Bei Fragen und Anregungen könnt ihr mir einfach einen Kommentar hinterlassen! Vielen Dank für das Lesen!

5 Gedanken zu „Der zustandsbasierte Test in der Praxis

  1. Hi Stefan,
    im Kommentar steht:
    „(ist in Pfeilrichtigung; S4 nach S1 ginge nicht)“

    Gemeint ist:
    „(ist in Pfeilrichtigung; S1 nach S4 ginge nicht)“

    Schöne Grüße
    Uli

  2. Hallo erstmals.

    Erstamls vielen vielen Dank für deine Anwort und für die Mühe.

    Eine letzte Frage hätte ich noch bezüglich Frage 2 zum o Switch-Coverage.

    Die richtige Antwort war ja von S3 nach S4.
    Welche andere Möglichkeiten hätte man?
    Von S1 nach S2 hatte ich schon angegeben.

    Ginge auch > von S4 nach S1?

    Angenommen wir hätten die Zustandsübergangstabelle von der Frage 1.
    Welche Möglichkeiten hätte man hier bezüglich 0-Switch-Coverage?

    Wären > von S1 nach S2
    oder > von S2 nach S3
    oder > von S3 nach S4
    oder > von S4 nach S1

    auch gültig?

    Auf eine baldige Antwort würde ich mich sehr freuen und wäre dir sehr dankbar.

    MfG
    Jo

  3. Servus.

    Ich habe da eine Frage zum 1-switch coverage.
    Irgendwie kann ich das nicht nachvollziehen.

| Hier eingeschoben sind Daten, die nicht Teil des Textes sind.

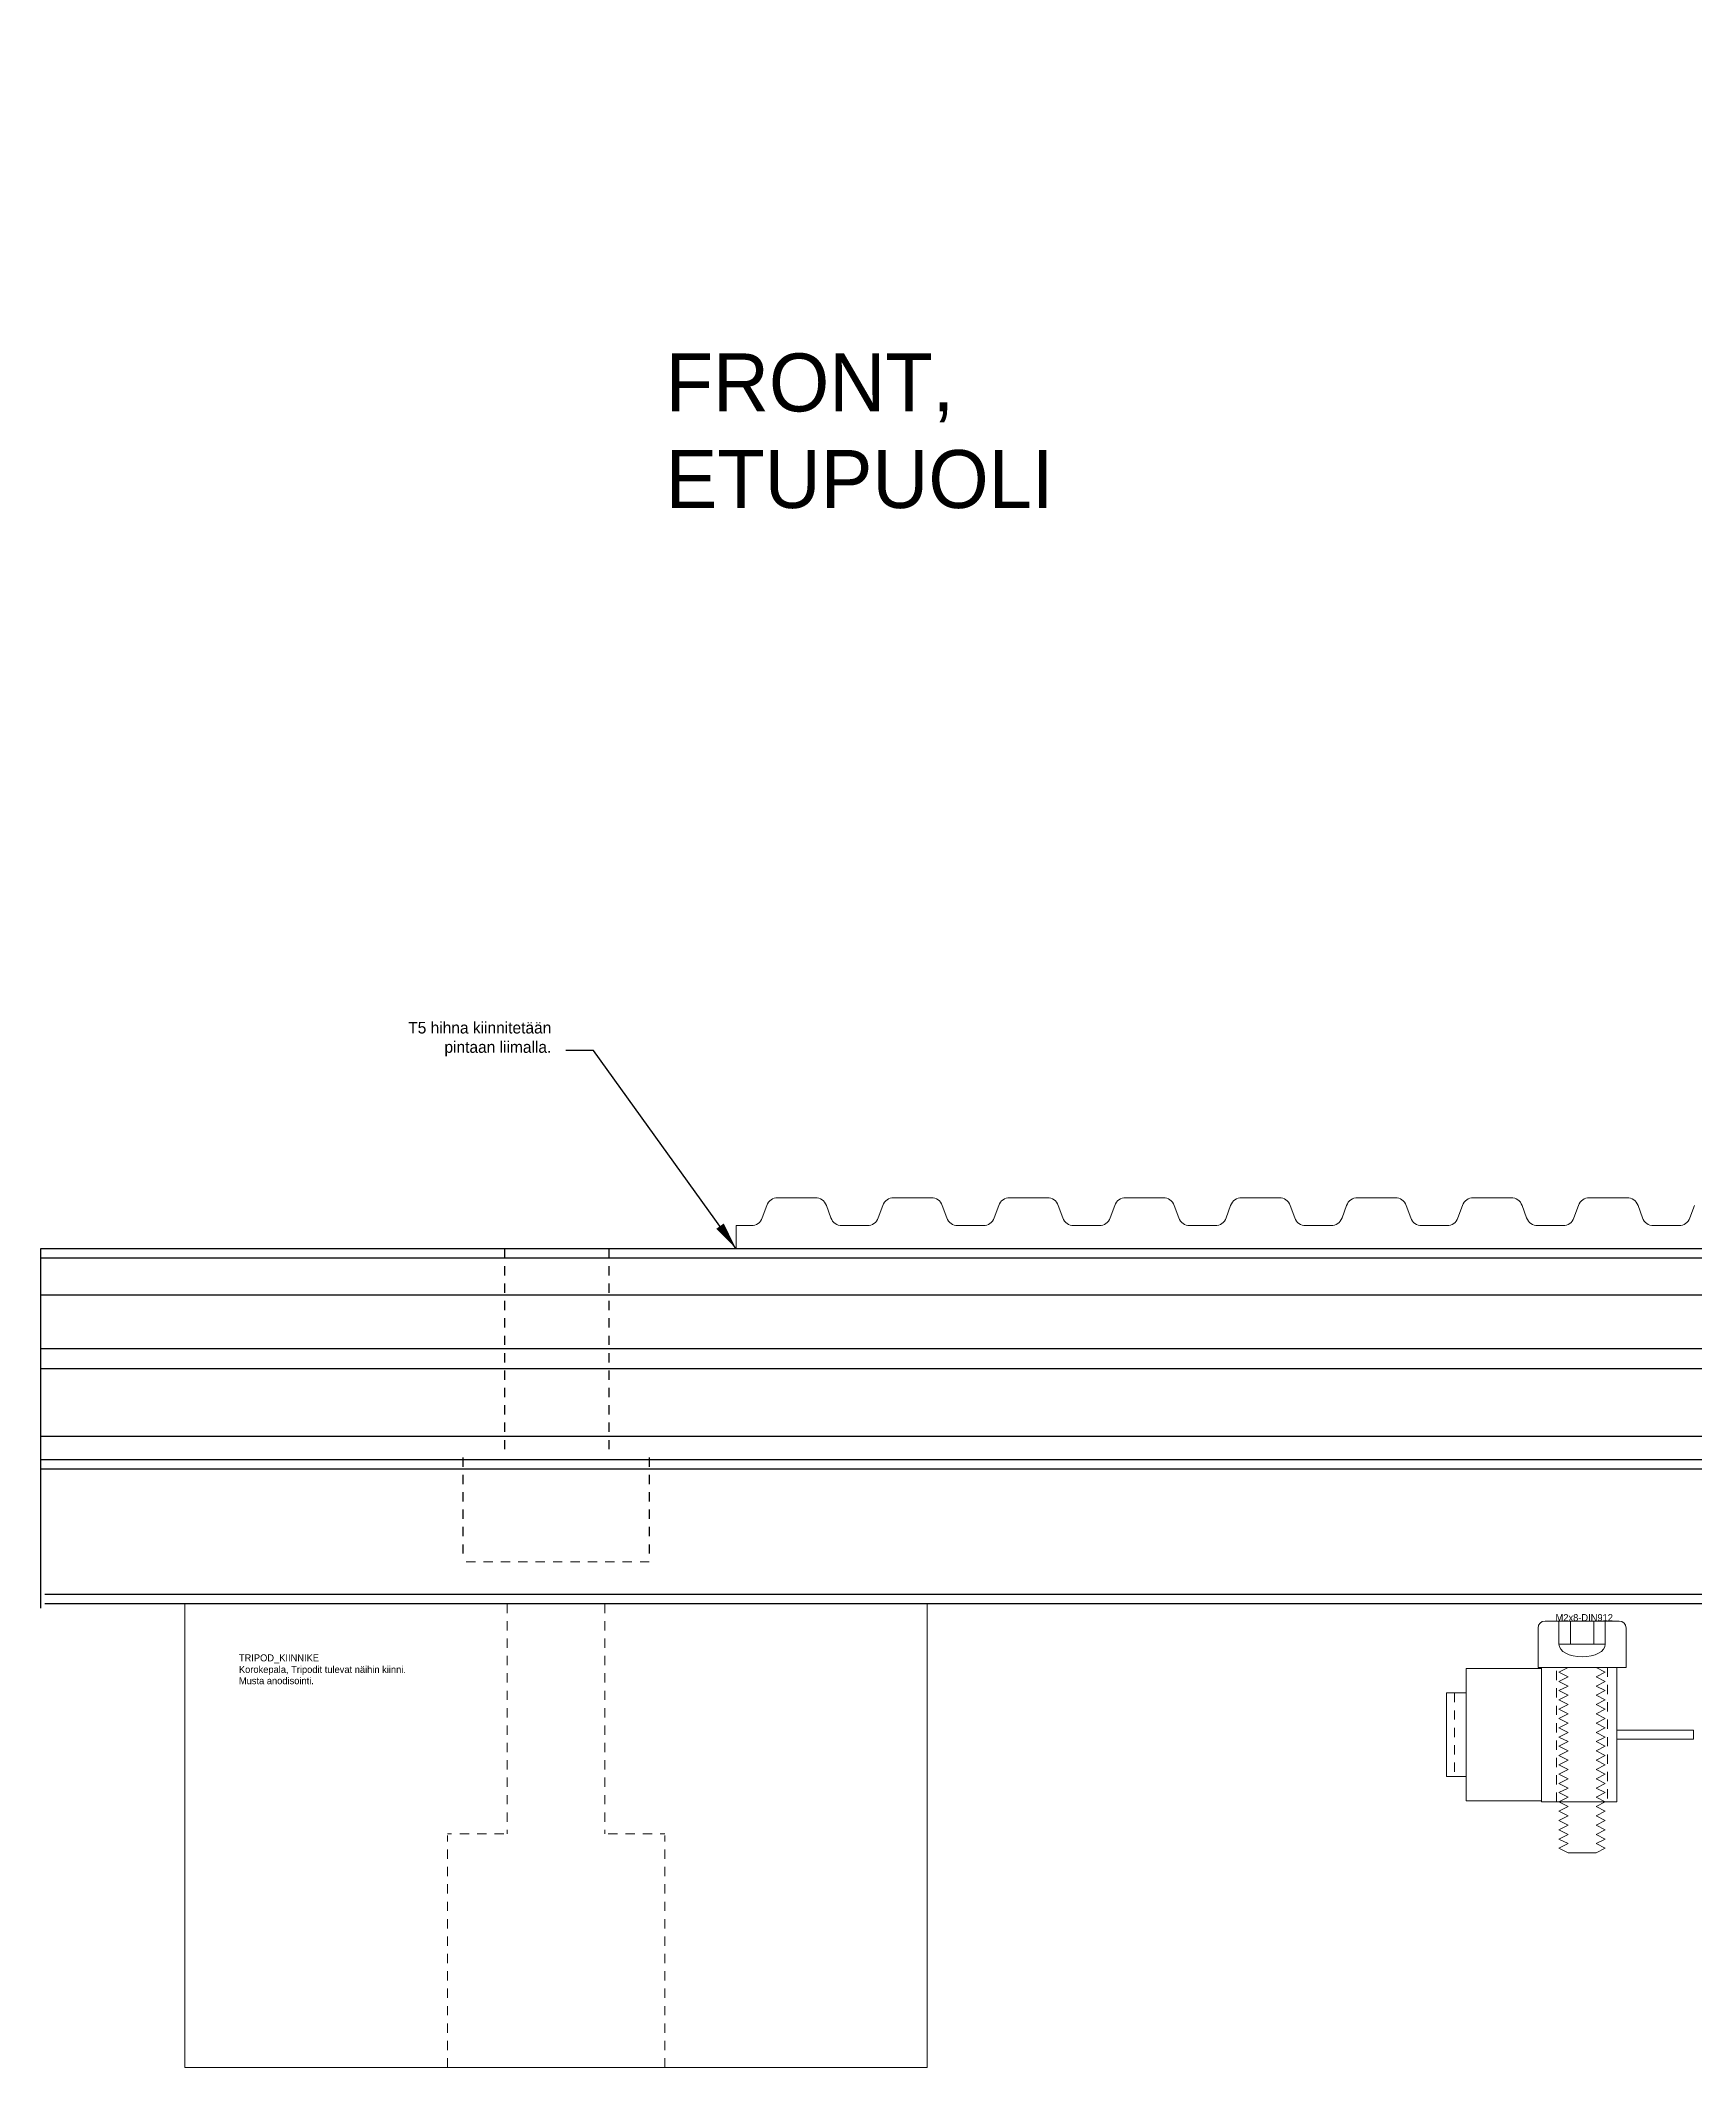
# Model space of a CAD drawing. Header units: millimetres. Extents: x -784753 to 2734, y -375 to 77802.
# Drawn here: x 864 to 935.3, y 68.8 to 156.2 of the extents above; entities that cross this region are included whole.
import ezdxf

# ---------------------------------------------------------------- set-up
doc = ezdxf.new("R2010")
doc.units = ezdxf.units.MM
doc.linetypes.add('phl_center', pattern=[0.75, 0.4, -0.35])
doc.linetypes.add('phl_thick', pattern=[0])
doc.layers.add('ATTRIBUUTIT', color=61, linetype='Continuous', plot=False)
for name, color, linetype in [('Comments', 50, 'Continuous'), ('HIHNA', 53, 'Continuous'), ('KELKKA', 6, 'Continuous'), ('KISKO', 253, 'Continuous'), ('PULTIT_MUTTERIT_RUUVIT', 131, 'Continuous'), ('RAJAKYTKIN', 3, 'Continuous')]:
    doc.layers.add(name, color=color, linetype=linetype)
doc.dimstyles.new('SAVPEK_01', dxfattribs={"dimtxt": 0.5, "dimasz": 1.2, "dimexe": 1.25, "dimexo": 0.625, "dimtad": 1, "dimjust": 3, "dimdsep": 46, "dimtxsty": 'Standard', "dimcen": -1.5, "dimclrt": 256, "dimadec": 0, "dimazin": 0, "dimtfac": 1, "dimtmove": 0, "dimatfit": 3, "dimfxl": 0, "dimarcsym": 0})

# ---------------------------------------------------------------- blocks, each defined once
blk = doc.blocks.new('T5-HIHNA-SUORA-LSIDE')
at = {"lineweight": 0}
for p, q in [((1561.976341090022, 87.91716271852886), (1556.976341090022, 87.91716271852886)), ((1566.976341090022, 87.91716271852886), (1561.976341090022, 87.91716271852886)), ((1561.976341090022, 87.91716271852886), (1561.976341090022, 87.91716271852886)), ((1571.976341090022, 87.91716271852886), (1566.976341090022, 87.91716271852886)), ((1566.976341090022, 87.91716271852886), (1566.976341090022, 87.91716271852886)), ((1576.976341090022, 87.91716271852886), (1571.976341090022, 87.91716271852886)), ((1571.976341090022, 87.91716271852886), (1571.976341090022, 87.91716271852886)), ((1581.976341090022, 87.91716271852886), (1576.976341090022, 87.91716271852886)), ((1576.976341090022, 87.91716271852886), (1576.976341090022, 87.91716271852886)), ((1586.976341090022, 87.91716271852886), (1581.976341090022, 87.91716271852886)), ((1581.976341090022, 87.91716271852886), (1581.976341090022, 87.91716271852886)), ((1591.976341090022, 87.91716271852886), (1586.976341090022, 87.91716271852886)), ((1586.976341090022, 87.91716271852886), (1586.976341090022, 87.91716271852886)), ((1596.976341090022, 87.91716271852886), (1591.976341090022, 87.91716271852886)), ((1591.976341090022, 87.91716271852886), (1591.976341090022, 87.91716271852886)), ((1601.976341090022, 87.91716271852886), (1596.976341090022, 87.91716271852886)), ((1596.976341090022, 87.91716271852886), (1596.976341090022, 87.91716271852886)), ((1602.080076991381, 87.91716271852886), (1601.976341090022, 87.91716271852886)), ((1601.976341090022, 87.91716271852886), (1601.976341090022, 87.91716271852886)), ((1602.080076991381, 86.91716271852886), (1602.080076991381, 87.91716271852886)), ((1560.956598548733, 86.58817279019172), (1560.75931935019, 86.04615264686606)), ((1561.976341090022, 86.91716271852886), (1561.426444859127, 86.91716271852886)), ((1561.976341090022, 86.91716271852886), (1562.526237320917, 86.91716271852886)), ((1562.99608363131, 86.5881727901916), (1563.193362829853, 86.04615264686618)), ((1565.956598548733, 86.58817279019172), (1565.75931935019, 86.04615264686606)), ((1566.976341090022, 86.91716271852886), (1566.426444859127, 86.91716271852886)), ((1566.976341090022, 86.91716271852886), (1567.526237320917, 86.91716271852886)), ((1567.99608363131, 86.5881727901916), (1568.193362829853, 86.04615264686606)), ((1570.956598548733, 86.5881727901916), (1570.75931935019, 86.04615264686606)), ((1571.976341090022, 86.91716271852886), (1571.426444859127, 86.91716271852886)), ((1571.976341090022, 86.91716271852886), (1572.526237320917, 86.91716271852886)), ((1572.99608363131, 86.5881727901916), (1573.193362829853, 86.04615264686606)), ((1575.956598548733, 86.5881727901916), (1575.75931935019, 86.04615264686606)), ((1576.976341090022, 86.91716271852886), (1576.426444859127, 86.91716271852886)), ((1576.976341090022, 86.91716271852886), (1577.526237320917, 86.91716271852886)), ((1577.99608363131, 86.5881727901916), (1578.193362829853, 86.04615264686606)), ((1580.956598548733, 86.5881727901916), (1580.75931935019, 86.04615264686606)), ((1581.976341090022, 86.91716271852886), (1581.426444859127, 86.91716271852886)), ((1581.976341090022, 86.91716271852886), (1582.526237320917, 86.91716271852886)), ((1582.99608363131, 86.5881727901916), (1583.193362829853, 86.04615264686606)), ((1585.956598548733, 86.5881727901916), (1585.75931935019, 86.04615264686606)), ((1586.976341090022, 86.91716271852886), (1586.426444859127, 86.91716271852886)), ((1586.976341090022, 86.91716271852886), (1587.526237320917, 86.91716271852886)), ((1587.99608363131, 86.5881727901916), (1588.193362829853, 86.04615264686606)), ((1590.956598548733, 86.5881727901916), (1590.75931935019, 86.04615264686606)), ((1591.976341090022, 86.91716271852886), (1591.426444859127, 86.91716271852886)), ((1591.976341090022, 86.91716271852886), (1592.526237320917, 86.91716271852886)), ((1592.99608363131, 86.5881727901916), (1593.193362829853, 86.04615264686606)), ((1595.956598548733, 86.5881727901916), (1595.75931935019, 86.04615264686606)), ((1596.976341090022, 86.91716271852886), (1596.426444859127, 86.91716271852886)), ((1596.976341090022, 86.91716271852886), (1597.526237320917, 86.91716271852886)), ((1597.99608363131, 86.5881727901916), (1598.193362829853, 86.04615264686606)), ((1600.956598548733, 86.5881727901916), (1600.75931935019, 86.04615264686606)), ((1601.976341090022, 86.91716271852886), (1601.426444859127, 86.91716271852886)), ((1601.976341090022, 86.91716271852886), (1602.080076991381, 86.91716271852886)), ((1563.663209140246, 85.71716271852893), (1565.289473039797, 85.71716271852893)), ((1568.663209140246, 85.71716271852881), (1570.289473039797, 85.71716271852881)), ((1573.663209140246, 85.71716271852881), (1575.289473039797, 85.71716271852881)), ((1578.663209140246, 85.71716271852881), (1580.289473039797, 85.71716271852881)), ((1583.663209140246, 85.71716271852881), (1585.289473039797, 85.71716271852881)), ((1588.663209140246, 85.71716271852881), (1590.289473039797, 85.71716271852881)), ((1593.663209140246, 85.71716271852881), (1595.289473039797, 85.71716271852881)), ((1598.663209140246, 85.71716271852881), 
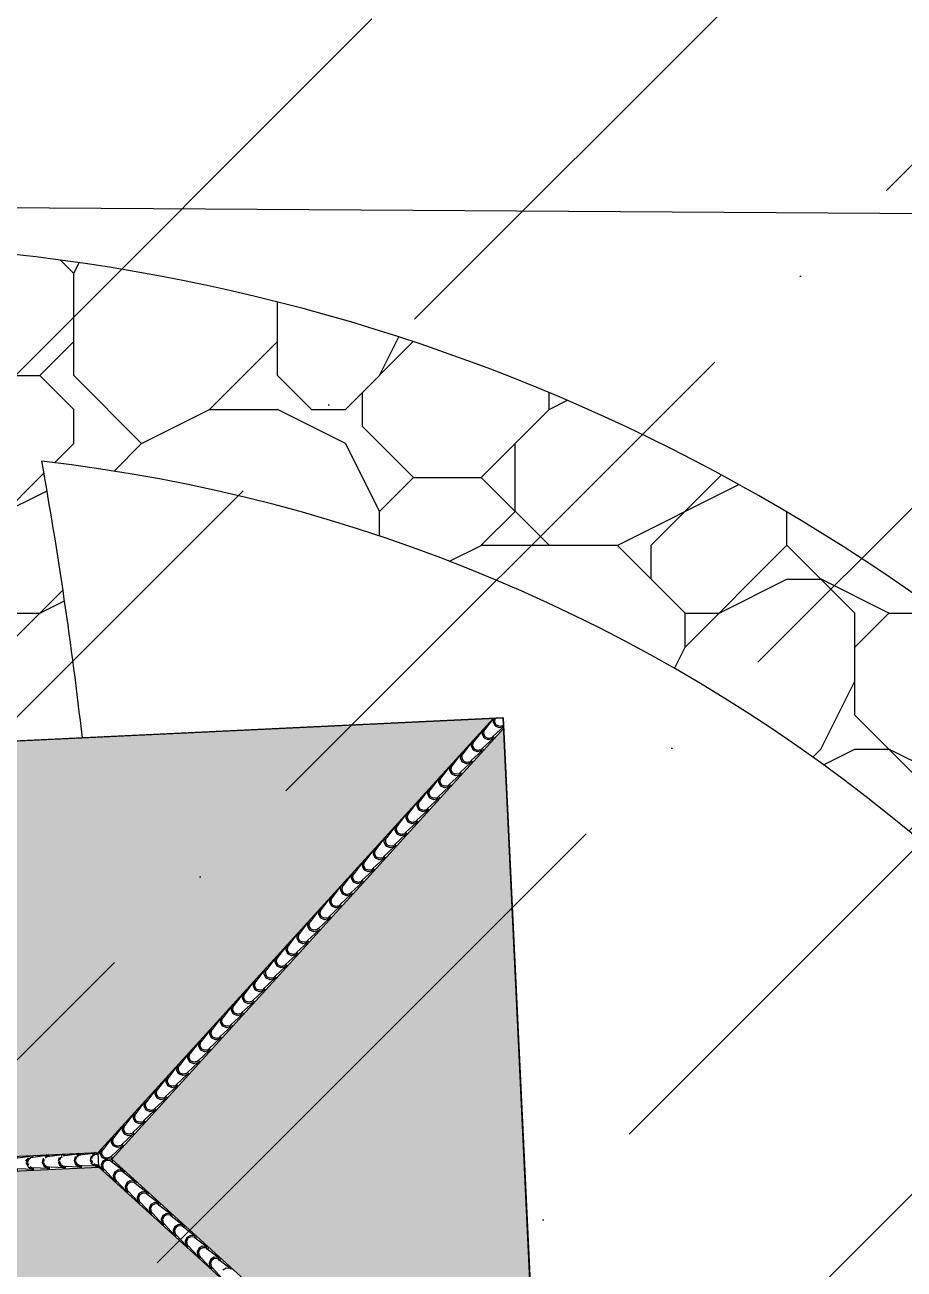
# Model space of a CAD drawing. Header units: millimetres. Extents: x 648844 to 649530, y 1246379 to 1246752.
# Drawn here: x 649266.66 to 649275.72, y 1246484.51 to 1246497.33 of the extents above; entities that cross this region are included whole.
import ezdxf

# ---------------------------------------------------------------- set-up
doc = ezdxf.new("R2010")
doc.units = ezdxf.units.MM
doc.header["$LTSCALE"] = 20
doc.header["$MEASUREMENT"] = 0
doc.layers.get('0').update_dxf_attribs({"linetype": 'CONTINUOUS'})
for name, color, linetype in [('acera', 8, 'CONTINUOUS'), ('quebrada', 5, 'CONTINUOUS'), ('TECHO', 30, 'CONTINUOUS')]:
    doc.layers.add(name, color=color, linetype=linetype)
pattern_1 = [(0, (2687.656, -252.1344), (7, 7), [2.1, -2.45, 0.35, -2.1]), (0, (2690.456, -250.7344), (7, 7), [0.35, -1.75, 1.4, -3.5]), (0, (2691.506, -250.3844), (7, 7), [0.35, -6.65]), (0, (2688.356, -250.0344), (7, 7), [1.4, -5.6]), (0, (2687.656, -249.3344), (7, 7), [0.7, -6.3]), (0, (2692.556, -248.6344), (7, 7), [0.7, -0.35, 0.35, -5.6]), (0, (2689.756, -248.2844), (7, 7), [1.05, -5.95]), (0, (2688.006, -247.5844), (7, 7), [0.7, -6.3]), (0, (2690.806, -246.8844), (7, 7), [0.35, -2.1, 1.05, -3.5]), (0, (2689.406, -246.5344), (7, 7), [0.7, -6.3]), (0, (2691.856, -246.1844), (7, 7), [0.7, -6.3]), (0, (2690.456, -245.8344), (7, 7), [0.7, -6.3]), (0, (2693.256, -245.4844), (7, 7), [0.7, -6.3]), (90, (2687.306, -252.1344), (-7, 7), [1.4, -0.35, 0.7, -2.8, 1.4, -0.35]), (90, (2687.656, -247.5844), (-7, 7), [0.35, -6.65]), (90, (2688.706, -249.6844), (-7, 7), [0.7, -1.4, 0.35, -4.55]), (90, (2689.056, -248.6344), (-7, 7), [0.7, -1.4, 1.05, -3.85]), (90, (2690.106, -250.3844), (-7, 7), [0.35, -3.5, 0.7, -0.35, 0.7, -1.4]), (90, (2690.456, -251.0844), (-7, 7), [0.35, -6.65]), (90, (2691.156, -248.9844), (-7, 7), [0.35, -0.35, 1.05, -5.25]), (90, (2691.506, -250.0344), (-7, 7), [0.7, -2.8, 0.35, -0.35, 0.35, -2.45]), (90, (2692.206, -251.7844), (-7, 7), [1.05, -5.95]), (90, (2692.906, -246.5344), (-7, 7), [0.35, -0.35, 0.35, -5.95]), (90, (2693.256, -248.2844), (-7, 7), [1.05, -5.95]), (90, (2694.131, -248.8094), (-7, 7), [0.35, -6.65]), (45, (2689.756, -252.1344), (8e-16, 7), [0.49497, -9.404524937]), (45, (2689.056, -245.4844), (8e-16, 7), [0.49497, -1.48491, 1.48491, -6.434704937]), (45, (2689.756, -246.5344), (8e-16, 7), [0.98994, -2.4748738, 0.49497, -5.939711137]), (45, (2691.156, -246.8844), (8e-16, 7), [0.98994, -3.464825, 0.49497, -4.949759937]), (45, (2688.356, -250.0344), (8e-16, 7), [0.49497, -9.404524937]), (45, (2690.106, -250.0344), (8e-16, 7), [1.484924, -8.414570937]), (45, (2691.506, -249.3344), (8e-16, 7), [0.49497, -2.969848, 0.49497, -5.939706937]), (45, (2692.556, -248.6344), (8e-16, 7), [0.98994, -8.909554937]), (45, (2693.956, -248.6344), (8e-16, 7), [0.98994, -8.909554937]), (45, (2693.956, -250.7344), (8e-16, 7), [0.49497, -9.404524937]), (45, (2693.256, -247.2344), (8e-16, 7), [0.49497, -9.404524937]), (45, (2692.556, -246.1844), (8e-16, 7), [0.49497, -9.404524937]), (45, (2693.956, -245.4844), (8e-16, 7), [0.49497, -9.404524937]), (45, (2687.306, -245.4844), (8e-16, 7), [0.49497, -9.404524937]), (45, (2690.806, -248.2844), (8e-16, 7), [0.49497, -9.404524937]), (45, (2691.506, -245.4844), (8e-16, 7), [0.49497, -3.464825, 0.49497, -5.444729937]), (45, (2688.356, -249.3344), (8e-16, 7), [0.98994, -8.909554937]), (45, (2688.356, -247.5844), (8e-16, 7), [1.48491, -8.414584937]), (135, (2687.656, -249.3344), (-7, 8e-16), [0.74249, -9.157004937]), (135, (2691.506, -249.6844), (-7, 8e-16), [0.49497, -9.404524937]), (135, (2693.606, -248.6344), (-7, 8e-16), [0.49497, -9.404524937]), (135, (2691.156, -247.2344), (-7, 8e-16), [0.49497, -9.404524937]), (135, (2691.506, -246.1844), (-7, 8e-16), [0.49497, -9.404524937]), (135, (2690.456, -245.8344), (-7, 8e-16), [0.49497, -9.404524937]), (135, (2691.856, -246.1844), (-7, 8e-16), [0.49497, -9.404524937]), (135, (2687.656, -250.3844), (-7, 8e-16), [0.49497, -9.404524937]), (135, (2689.056, -247.9344), (-7, 8e-16), [0.49497, -9.404524937]), (135, (2689.056, -250.0344), (-7, 8e-16), [0.98994, -8.909554937]), (135, (2690.456, -250.7344), (-7, 8e-16), [0.98994, -8.909554937]), (135, (2693.256, -246.8844), (-7, 8e-16), [0.98994, -8.909554937]), (135, (2691.156, -248.6344), (-7, 8e-16), [0.49497, -9.404524937]), (135, (2692.206, -250.7344), (-7, 8e-16), [0.98994, -5.939696, 0.49497, -2.474888937]), (135, (2688.006, -247.5844), (-7, 8e-16), [0.98994, -1.9798989, 0.98994, -5.939716037]), (135, (2687.306, -251.4344), (-7, 8e-16), [0.9898, -2.4752, 0.9898, -2.4752, 0.4949, -2.474594937]), (26.56505118, (2689.7562, -250.0344), (7, 4e-10), [1.5652, -0.7826, 0.7826, -12.522075839]), (26.56505118, (2690.8062, -245.8344), (7, 4e-10), [1.5652, -14.08727584]), (26.56505118, (2690.8062, -250.7344), (7, 4e-10), [0.7826, -14.86987584]), (26.56505118, (2687.6562, -250.3844), (7, 4e-10), [0.7826, -14.86987584]), (26.56505118, (2689.0562, -248.6344), (7, 4e-10), [0.7826, -14.86987584]), (26.56505118, (2687.6562, -247.9344), (7, 4e-10), [0.7826, -14.86987584]), (63.43494882, (2688.7062, -247.2344), (4e-10, 7), [0.7826, -14.86987584]), (63.43494882, (2691.1562, -247.2344), (4e-10, 7), [0.7826, -14.86987584]), (63.43494882, (2691.8562, -252.1344), (4e-10, 7), [0.7826, -14.86987584]), (63.43494882, (2687.3062, -248.2844), (4e-10, 7), [0.7826, -14.86987584]), (63.43494882, (2690.1062, -251.7844), (4e-10, 7), [0.7826, -5.4782, 0.7826, -8.609075839]), (116.56505118, (2689.0562, -245.8344), (-4e-10, 7), [0.7826, -14.86987584]), (116.56505118, (2693.2562, -247.2344), (-4e-10, 7), [0.7826, -14.86987584]), (116.56505118, (2690.1062, -245.8344), (-4e-10, 7), [0.7826, -14.86987584]), (116.56505118, (2687.3062, -249.6844), (-4e-10, 7), [0.7826, -14.86987584]), (153.43494882, (2692.5562, -250.7344), (-7, 4e-10), [0.7826, -14.86987584]), (153.43494882, (2693.9562, -248.9844), (-7, 4e-10), [0.7826, -14.86987584]), (153.43494882, (2689.7562, -248.2844), (-7, 4e-10), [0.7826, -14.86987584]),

    Ich habe mir die Musterfragen angeschaut und zwei Fragen haben mir Kopfzerbrechen bereitet.
    Die Frage war: Gegeben ist eine Zustandübergangstabelle mit 4 Zuständen (S1 bis S4) und 5
    Zustandsübergängen (A bis E):

    A B C D F

    S1 S2

    S2 S1

    S2 S3

    S3 S4

    S4 S1

    Wie viele gültige 1-switch Coverage gibt es laut Zustandübergangstabelle?

    Die Antwort heisst > 6
    Aber irgendwie komme ich da nicht drauf wieso.

    Bei der zweiten Frage ging es um 0-switch coverage. Die Zustandübergangstabelle war wie folgt:
    A B C D E

    S1 S2

    S2 S1

    S2 S1

    S3 S4

    S4 S1

    Welches ist ein gültiger 0-switch coverage?
    Die Lösung ist > Von S3 nach S4

    Nun die Frage ist, wäre von S1 nach S2 auch richtig in diese Tabelle, falls diese Option auch bestünde auch richtig?
    Ich hoffe ich habe das Prinzip 0-switch coverage auch richtig verstanden.

    Ich wäre dir sehr dankbar und würde mich sehr freuen, wenn du mir erklären könntest wie man darauf kommt.